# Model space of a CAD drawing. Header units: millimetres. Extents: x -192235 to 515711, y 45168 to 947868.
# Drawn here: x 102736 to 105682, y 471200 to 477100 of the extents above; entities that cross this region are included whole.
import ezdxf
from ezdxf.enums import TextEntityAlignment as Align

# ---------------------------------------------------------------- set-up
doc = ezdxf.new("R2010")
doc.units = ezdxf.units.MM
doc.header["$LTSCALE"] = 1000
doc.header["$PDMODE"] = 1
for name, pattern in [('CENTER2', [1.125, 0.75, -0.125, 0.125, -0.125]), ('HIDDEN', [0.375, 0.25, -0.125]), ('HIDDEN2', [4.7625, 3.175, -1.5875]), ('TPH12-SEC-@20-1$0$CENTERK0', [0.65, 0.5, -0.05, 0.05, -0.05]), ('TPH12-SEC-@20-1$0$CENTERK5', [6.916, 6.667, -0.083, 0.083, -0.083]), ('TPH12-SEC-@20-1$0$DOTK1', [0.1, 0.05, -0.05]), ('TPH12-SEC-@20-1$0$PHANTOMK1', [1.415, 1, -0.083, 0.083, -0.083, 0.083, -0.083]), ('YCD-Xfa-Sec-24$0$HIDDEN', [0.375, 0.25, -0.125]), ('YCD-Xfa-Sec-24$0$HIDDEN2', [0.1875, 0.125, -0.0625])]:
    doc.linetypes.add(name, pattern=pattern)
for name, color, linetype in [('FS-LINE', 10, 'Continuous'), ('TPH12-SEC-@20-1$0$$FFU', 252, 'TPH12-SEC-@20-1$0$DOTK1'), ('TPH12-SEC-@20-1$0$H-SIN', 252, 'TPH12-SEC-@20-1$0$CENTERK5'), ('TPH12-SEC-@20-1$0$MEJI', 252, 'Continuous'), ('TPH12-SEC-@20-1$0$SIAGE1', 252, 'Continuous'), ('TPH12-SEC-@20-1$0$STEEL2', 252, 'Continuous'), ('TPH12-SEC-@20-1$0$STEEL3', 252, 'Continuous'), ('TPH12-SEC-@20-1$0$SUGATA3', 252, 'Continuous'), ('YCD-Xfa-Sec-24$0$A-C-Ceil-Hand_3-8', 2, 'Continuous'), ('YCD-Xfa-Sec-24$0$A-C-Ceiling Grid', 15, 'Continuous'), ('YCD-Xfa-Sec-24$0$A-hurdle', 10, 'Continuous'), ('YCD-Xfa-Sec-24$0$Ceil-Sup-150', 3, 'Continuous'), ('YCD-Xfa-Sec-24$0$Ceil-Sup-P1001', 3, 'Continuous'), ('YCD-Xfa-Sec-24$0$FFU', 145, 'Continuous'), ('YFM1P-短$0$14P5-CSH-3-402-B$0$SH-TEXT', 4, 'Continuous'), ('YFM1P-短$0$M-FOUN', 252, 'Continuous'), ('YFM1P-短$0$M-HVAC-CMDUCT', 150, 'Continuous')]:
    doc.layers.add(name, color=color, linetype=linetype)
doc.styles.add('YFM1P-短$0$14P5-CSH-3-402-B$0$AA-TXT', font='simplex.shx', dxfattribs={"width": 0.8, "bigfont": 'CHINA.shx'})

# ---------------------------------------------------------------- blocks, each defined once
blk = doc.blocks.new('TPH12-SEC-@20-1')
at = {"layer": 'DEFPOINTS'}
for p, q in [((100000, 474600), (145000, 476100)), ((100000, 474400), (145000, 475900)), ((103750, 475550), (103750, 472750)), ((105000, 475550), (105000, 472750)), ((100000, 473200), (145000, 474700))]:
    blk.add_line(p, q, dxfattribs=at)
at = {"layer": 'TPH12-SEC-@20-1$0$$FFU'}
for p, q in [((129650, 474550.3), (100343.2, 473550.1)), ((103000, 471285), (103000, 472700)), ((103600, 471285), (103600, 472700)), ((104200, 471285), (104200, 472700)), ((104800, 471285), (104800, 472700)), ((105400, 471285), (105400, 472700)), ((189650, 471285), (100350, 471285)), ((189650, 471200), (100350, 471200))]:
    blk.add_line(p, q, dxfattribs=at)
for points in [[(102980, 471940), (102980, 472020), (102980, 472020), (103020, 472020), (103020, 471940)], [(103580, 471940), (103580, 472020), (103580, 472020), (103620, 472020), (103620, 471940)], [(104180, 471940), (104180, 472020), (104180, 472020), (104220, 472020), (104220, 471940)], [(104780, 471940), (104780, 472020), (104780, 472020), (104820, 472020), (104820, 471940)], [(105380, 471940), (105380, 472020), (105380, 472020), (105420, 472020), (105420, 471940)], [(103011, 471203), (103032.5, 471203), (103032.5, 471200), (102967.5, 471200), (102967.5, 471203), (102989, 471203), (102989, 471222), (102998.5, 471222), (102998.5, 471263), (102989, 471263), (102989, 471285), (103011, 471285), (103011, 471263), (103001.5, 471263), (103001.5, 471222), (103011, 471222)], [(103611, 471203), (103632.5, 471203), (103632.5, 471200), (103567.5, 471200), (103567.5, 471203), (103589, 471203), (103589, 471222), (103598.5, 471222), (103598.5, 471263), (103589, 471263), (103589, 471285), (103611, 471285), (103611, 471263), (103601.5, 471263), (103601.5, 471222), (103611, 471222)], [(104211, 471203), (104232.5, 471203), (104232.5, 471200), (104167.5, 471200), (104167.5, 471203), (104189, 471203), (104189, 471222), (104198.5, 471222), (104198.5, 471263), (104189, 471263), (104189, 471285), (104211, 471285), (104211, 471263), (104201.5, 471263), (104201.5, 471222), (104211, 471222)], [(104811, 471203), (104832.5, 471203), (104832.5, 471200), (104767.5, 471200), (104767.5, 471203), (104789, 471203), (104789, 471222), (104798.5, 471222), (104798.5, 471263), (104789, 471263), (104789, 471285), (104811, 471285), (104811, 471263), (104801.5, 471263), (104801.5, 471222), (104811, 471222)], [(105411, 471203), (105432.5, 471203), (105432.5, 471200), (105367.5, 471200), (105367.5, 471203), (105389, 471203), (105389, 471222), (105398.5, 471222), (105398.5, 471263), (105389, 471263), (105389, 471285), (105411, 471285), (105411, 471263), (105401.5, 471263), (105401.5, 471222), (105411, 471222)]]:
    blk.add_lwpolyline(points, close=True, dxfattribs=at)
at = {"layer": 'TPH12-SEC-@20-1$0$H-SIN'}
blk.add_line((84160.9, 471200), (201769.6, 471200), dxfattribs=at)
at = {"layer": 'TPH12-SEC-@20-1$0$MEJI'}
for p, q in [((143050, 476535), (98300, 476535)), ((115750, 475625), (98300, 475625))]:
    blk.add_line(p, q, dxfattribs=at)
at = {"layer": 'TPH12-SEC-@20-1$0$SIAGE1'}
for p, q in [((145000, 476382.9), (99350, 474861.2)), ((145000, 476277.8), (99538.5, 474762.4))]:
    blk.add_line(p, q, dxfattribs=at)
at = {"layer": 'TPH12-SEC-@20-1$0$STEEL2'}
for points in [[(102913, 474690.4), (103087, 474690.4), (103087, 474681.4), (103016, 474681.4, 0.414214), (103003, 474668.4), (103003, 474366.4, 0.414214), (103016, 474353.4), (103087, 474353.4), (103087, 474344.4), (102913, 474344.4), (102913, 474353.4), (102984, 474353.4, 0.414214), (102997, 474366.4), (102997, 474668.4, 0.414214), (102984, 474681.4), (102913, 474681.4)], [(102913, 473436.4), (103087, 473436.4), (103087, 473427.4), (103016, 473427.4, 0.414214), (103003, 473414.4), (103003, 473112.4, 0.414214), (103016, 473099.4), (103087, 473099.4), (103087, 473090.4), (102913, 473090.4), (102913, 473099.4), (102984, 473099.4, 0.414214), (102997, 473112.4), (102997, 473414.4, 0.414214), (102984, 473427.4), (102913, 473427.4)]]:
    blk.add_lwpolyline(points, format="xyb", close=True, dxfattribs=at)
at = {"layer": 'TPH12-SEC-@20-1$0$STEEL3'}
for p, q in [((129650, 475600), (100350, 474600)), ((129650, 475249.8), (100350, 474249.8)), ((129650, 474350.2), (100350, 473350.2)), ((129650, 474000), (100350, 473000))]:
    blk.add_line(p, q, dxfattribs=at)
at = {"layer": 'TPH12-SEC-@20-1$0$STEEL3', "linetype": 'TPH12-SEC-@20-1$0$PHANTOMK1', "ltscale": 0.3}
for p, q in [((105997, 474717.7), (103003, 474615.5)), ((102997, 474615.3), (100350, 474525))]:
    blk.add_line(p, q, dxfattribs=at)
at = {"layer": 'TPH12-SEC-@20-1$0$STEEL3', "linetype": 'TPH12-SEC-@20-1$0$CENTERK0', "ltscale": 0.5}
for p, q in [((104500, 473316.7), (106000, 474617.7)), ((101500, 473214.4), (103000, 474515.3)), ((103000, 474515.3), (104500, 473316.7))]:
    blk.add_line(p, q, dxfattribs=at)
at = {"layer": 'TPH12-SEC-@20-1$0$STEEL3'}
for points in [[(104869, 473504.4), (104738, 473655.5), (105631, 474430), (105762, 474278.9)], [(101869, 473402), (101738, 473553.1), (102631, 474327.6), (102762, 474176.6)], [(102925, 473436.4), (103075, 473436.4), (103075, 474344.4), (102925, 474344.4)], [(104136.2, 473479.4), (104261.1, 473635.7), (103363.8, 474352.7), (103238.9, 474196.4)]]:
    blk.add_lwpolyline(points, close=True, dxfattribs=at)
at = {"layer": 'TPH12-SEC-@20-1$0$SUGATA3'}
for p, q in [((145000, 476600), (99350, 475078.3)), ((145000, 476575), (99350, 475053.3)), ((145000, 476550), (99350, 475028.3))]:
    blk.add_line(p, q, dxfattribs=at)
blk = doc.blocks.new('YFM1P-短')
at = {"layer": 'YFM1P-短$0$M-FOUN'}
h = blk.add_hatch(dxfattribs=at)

■ **YOUR INSTRUCTIONS**: Whenever a line in the material contains the word "import", copy that line.

■ **TASK OUTPUT**:
import ezdxf
from ezdxf.enums import TextEntityAlignment as Align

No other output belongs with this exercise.